Very nice one!!! I esp. like the pouch and petal stance!! Jean


----------



## SlipperKing (Mar 13, 2009)

There is a strong simularity to the other species you posted, parnatanum. What is the relationship between the two if any?


----------



## NYEric (Mar 13, 2009)

Brains!


----------



## SlipperFan (Mar 13, 2009)

Thanks, Olaf. I've not seen this one before, either.


----------



## paphjoint (Mar 14, 2009)

Very nice


----------



## goldenrose (Mar 14, 2009)

I'm a stam gal!


----------



## Eric Muehlbauer (Mar 14, 2009)

Several years ago, I remember something that Koopowitz wrote, speculating that schoseri might be of hybrid origin....is this still a valid idea? Take care, Eric


----------



## ORG (Mar 15, 2009)

Dear Eric,
it is very often in the last time that after descriptions of new species in Paphiopedilum the speculation began that it is a natural hybrid. So it was with Paph. schoseri, Paph. parnatanum, Paph. intaniae, Paph. herrmannii, Paph. mohrianum. But it was also in the first time with Paph tranlienianum and Paph. hangianum. Sometimes it could be cleared by artificial propagation. So the result of selfing tranlienianum and herrmannii were true tranlienianum and herrmannii. Also I have seen some plants of Paph. mohrianum from artificial propagation, which looked really like the parent.

Best greetings

Olaf


----------



## odin (Mar 15, 2009)

Great job!!


----------



## ORG (Mar 29, 2009)

Here another clone of _*Paphiopedilum schoseri,*_ shown at the orchid show in Dresden this weekend















Best greetings from Germany

Olaf


----------



## SlipperKing (Mar 29, 2009)

Nice Olaf, Very uniform species!


----------



## Rick (Mar 29, 2009)

This one is so rarely seen. Kind of looks like what you'd expect between crossing acmodontum with venustum.

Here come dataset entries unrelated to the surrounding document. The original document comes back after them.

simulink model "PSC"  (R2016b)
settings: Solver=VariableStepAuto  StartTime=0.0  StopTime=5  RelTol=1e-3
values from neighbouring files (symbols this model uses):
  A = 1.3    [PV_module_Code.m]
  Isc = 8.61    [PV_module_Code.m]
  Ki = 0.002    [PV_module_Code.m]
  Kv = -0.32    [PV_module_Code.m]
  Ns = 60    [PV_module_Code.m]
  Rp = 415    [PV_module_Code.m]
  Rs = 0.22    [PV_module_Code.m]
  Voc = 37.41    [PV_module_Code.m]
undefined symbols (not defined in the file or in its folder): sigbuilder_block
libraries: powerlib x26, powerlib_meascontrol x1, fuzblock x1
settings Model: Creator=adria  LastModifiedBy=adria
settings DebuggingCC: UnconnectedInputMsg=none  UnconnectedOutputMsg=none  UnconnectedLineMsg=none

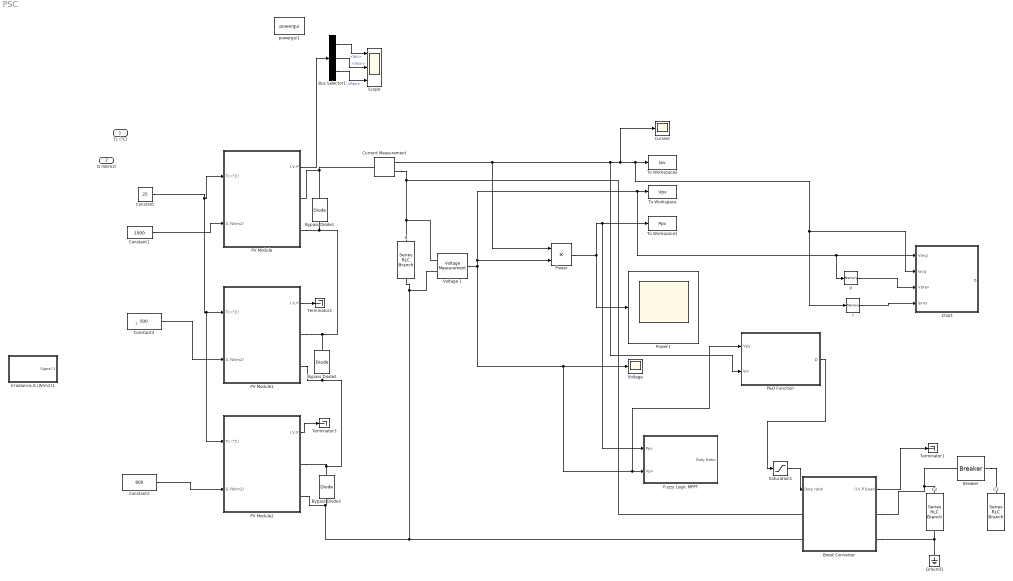
== system PSC ==
  note: 1
  Tc (°C) : Inport
  G (W/m2) : Inport  Port=2
  Boost Converter : Subsystem
  Breaker : powerlib/Elements/Breaker  InitialState=0  SwitchingTimes=[7]  External=off  BreakerResistance=0.00001  SnubberResistance=1e6  SnubberCapacitance=inf  Measurements=None  MoreParameters=on  NoBreakLoop=off
  Bus Selector1 : BusSelector  OutputSignals=Ipv,Vpv,Ppv
  Bypass Diode1 : powerlib/Power Electronics/Diode  Ron=0.00001  Lon=0  Vf=0.8  IC=0  UseSnubber=off  Rs=500  Cs=250e-9  Measurements=off
  Bypass Diode2 : powerlib/Power Electronics/Diode  Ron=0.00001  Lon=0  Vf=0.8  IC=0  UseSnubber=off  Rs=500  Cs=250e-9  Measurements=off
  Bypass Diode3 : powerlib/Power Electronics/Diode  Ron=0.00001  Lon=0  Vf=0.8  IC=0  UseSnubber=off  Rs=500  Cs=250e-9  Measurements=off
  C : powerlib/Elements/Series RLC Branch  LConnTagsString=__new0  RConnTagsString=__new0  BranchType=C  Resistance=3.7  Inductance=1e-3  SetiL0=off  InitialCurrent=0  Capacitance=50e-4  Setx0=off  InitialVoltage=0  Measurements=Branch voltage
  C2 : powerlib/Elements/Series RLC Branch  LConnTagsString=__new0  RConnTagsString=__new0  BranchType=R  Resistance=10  Inductance=1e-3  SetiL0=off  InitialCurrent=0  Capacitance=19e-4  Setx0=off  InitialVoltage=0  Measurements=Branch voltage
  C3 : powerlib/Elements/Series RLC Branch  LConnTagsString=__new0  RConnTagsString=__new0  BranchType=R  Resistance=100  Inductance=1e-3  SetiL0=off  InitialCurrent=0  Capacitance=19e-4  Setx0=off  InitialVoltage=0  Measurements=Branch voltage
  Chart : Stateflow chart  TreatAsAtomicUnit=on
  Constant : Constant  Value=25
  Constant1 : Constant  Value=1000
  Constant2 : Constant  Value=800
  Constant3 : Constant  Value=500
  Current : Scope
  Current Measurement : powerlib/Measurements/Current Measurement  PhasorSimulation=off  OutputType=Complex  PSBequivalent=0
  Fuzzy Logic MPPT : Subsystem
  Ground1 : powerlib/Elements/Ground  LConnTagsString=a
  I : Memory
  Irradiance,G (W/m2)1 : Subsystem  Tag=STV Subsys  LoadFcn=sigbuilder_block('load');  StartFcn=sigbuilder_block('start');  StopFcn=sigbuilder_block('stop');  ClipboardFcn=sigbuilder_block('clipboard');  mask(Sigbuilder block){tuvar=[0:10]}
      mask help: Simulink:masks:SigbuilderBlock_MD
      mask init:
      | if ~strcmp(get_param(bdroot(gcbh),'SimulationStatus'),'stopped') tuvar = sigbuilder_block('maskInit'); end
      settings: CopyFcn=sigbuilder_block('copy');  DeleteFcn=sigbuilder_block('delete');  ModelCloseFcn=sigbuilder_block('modelClose');  PreSaveFcn=sigbuilder_block('preSave');  PauseFcn=sigbuilder_block('pause');  ContinueFcn=sigbuilder_block('continue');  NameChangeFcn=sigbuilder_block('namechange');  OpenFcn=sigbuilder_block('open',[484.8 30.6 470.4 453 ]);  CloseFcn=sigbuilder_block('close');
      mask Display: plot(0, 0, 100, 100,[2, 2, 32, 32, 2], [68, 8, 8, 68, 68],[32, 2], [38, 38], [32, 19, 2],[53, 60, 44], [32, 17, 17, 2],[16, 16, 31, 31]);txt = getActiveGroup(gcbh);text(2, 100, txt,'verticalAlignment', 'top');
  P&O Function : MATLAB Function  TreatAsAtomicUnit=on
  PV Module : Subsystem
  PV Module1 : Subsystem
  PV Module2 : Subsystem
  Power : Product
  Power1 : Scope
  Saturation1 : Saturate  UpperLimit=1  LowerLimit=0.001  ZeroCross=off
  Scope : Scope  NumInputPorts=3
  Terminator1 : Terminator
  Terminator2 : Terminator
  Terminator3 : Terminator
  To Workspace : ToWorkspace  VariableName=Vpv  SampleTime=-1
  To Workspace1 : ToWorkspace  VariableName=Ppv  SampleTime=-1
  To Workspace2 : ToWorkspace  VariableName=Ipv  SampleTime=-1
  V : Memory
  Voltage : Scope
  Voltage 1 : powerlib/Measurements/Voltage Measurement  PhasorSimulation=off  OutputType=Complex  PSBequivalent=0
  powergui1 : powerlib/powergui  Priority=1  SimulationMode=Discrete  SolverType=Tustin/Backward Euler (TBE)  SampleTime=0.00001  frequency=60  SPID=off  DisableSnubberDevices=off  DisableRonSwitches=off  DisableVfSwitches=off  SwTol=0  DisplayEquations=off  Interpol=off  ExternalGateDelay=off  methode=off  Ts=10  FunctionMessages=off  echomessages=off  HookPort=off  EnableUseOfTLC=off  x0status=blocks  frequencyindice=0  Pbase=100e6  ErrMax=1e-4  Iterations=50  UnitsV=kV  UnitsW=MW  buscounter=0  RestoreLinks=warning  ResistiveCurrentMeasurement=off  Frange=[0:2:500]  Ylog=off  Xlog=on  ShowGrid=off  save=off  variable=ZData  structure=0  ZoomFFT=off  StartTime=0.0  cycles=1  DisplayStyle=1  fundamental=60  FreqAxis=off  MaxFrequency=1000  frequencyindicesteady=1  RmsSteady=1  display=off
  wires:
  PV Module/1(I,V,P) -> Bus Selector1/1
  Constant/1 -> PV Module2/1(Tc (°C)), PV Module1/1(Tc (°C)), PV Module/1(Tc (°C))
  Constant1/1 -> PV Module/2(G (W/m2))
  Bus Selector1/2 -> Scope/2  "<Vpv>"
  Bus Selector1/3 -> Scope/3  "<Ppv>"
  Bus Selector1/1 -> Scope/1  "<Ipv>"
  PV Module1/1(I,V,P) -> Terminator2/1
  Current Measurement/1 -> Power/1, P&O Function/2(Ipv), Current/1, Chart/2(Iavg), I/1, To Workspace2/1
  Boost Converter/1((I,V,P)Load) -> Terminator1/1
  Power/1 -> Fuzzy Logic MPPT/1(Ppv), To Workspace1/1, Power1/1
  V/1 -> Chart/3(Vprev)
  I/1 -> Chart/4(Iprev)
  Voltage 1/1 -> Power/2, Chart/1(Vavg), V/1, To Workspace/1, P&O Function/1(Vpv), Fuzzy Logic MPPT/2(Vpv), Voltage/1
  Constant3/1 -> PV Module1/2(G (W/m2))
  PV Module2/1(I,V,P) -> Terminator3/1
  Constant2/1 -> PV Module2/2(G (W/m2))
  Saturation1/1 -> Boost Converter/1("Duty ratio ")
  P&O Function/1(D) -> Saturation1/1
  connections:
  PV Module/RConn2 -- Bypass Diode1/LConn1 -- Bypass Diode2/RConn1 -- PV Module1/RConn1
  PV Module/RConn1 -- Bypass Diode1/RConn1 -- Current Measurement/LConn1
  Voltage 1/LConn1 -- Boost Converter/LConn1 -- Current Measurement/RConn1 -- C/LConn1
  Boost Converter/RConn2 -- C2/RConn1 -- Ground1/LConn1
  Boost Converter/RConn1 -- Breaker/LConn1 -- C2/LConn1
  Breaker/RConn1 -- C3/LConn1
  PV Module2/RConn2 -- Boost Converter/LConn2 -- Voltage 1/LConn2 -- C/RConn1 -- Bypass Diode3/LConn1
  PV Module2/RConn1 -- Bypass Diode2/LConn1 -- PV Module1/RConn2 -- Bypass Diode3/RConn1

From an eco point of view, when you come up with a good idea in one place it often pops up independently under similar habitats some where else.

"Parallel evolution". emerald tree boas (from the Amazon) look just like green tree pythons from New Guinea. Including having babies starting out yellow or red before turning green. Pythons are egg layers and boas are live bearing so genetically and physiologically they are very dissimilar.


----------



## Bolero (Jan 14, 2010)

I have just found some of these for sale, does anyone know the growing requirements? This isn't one I knew of until today.

Thanks


----------



## Leo Schordje (Jan 15, 2010)

Bolero said:


> I have just found some of these for sale, does anyone know the growing requirements? This isn't one I knew of until today.
> 
> Thanks



I would think it is an intermediate to warm grower, so generally grow it like Paph barbatum or Paph urbanianum.


----------



## Bolero (Jan 15, 2010)

Leo Schordje said:


> I would think it is an intermediate to warm grower, so generally grow it like Paph barbatum or Paph urbanianum.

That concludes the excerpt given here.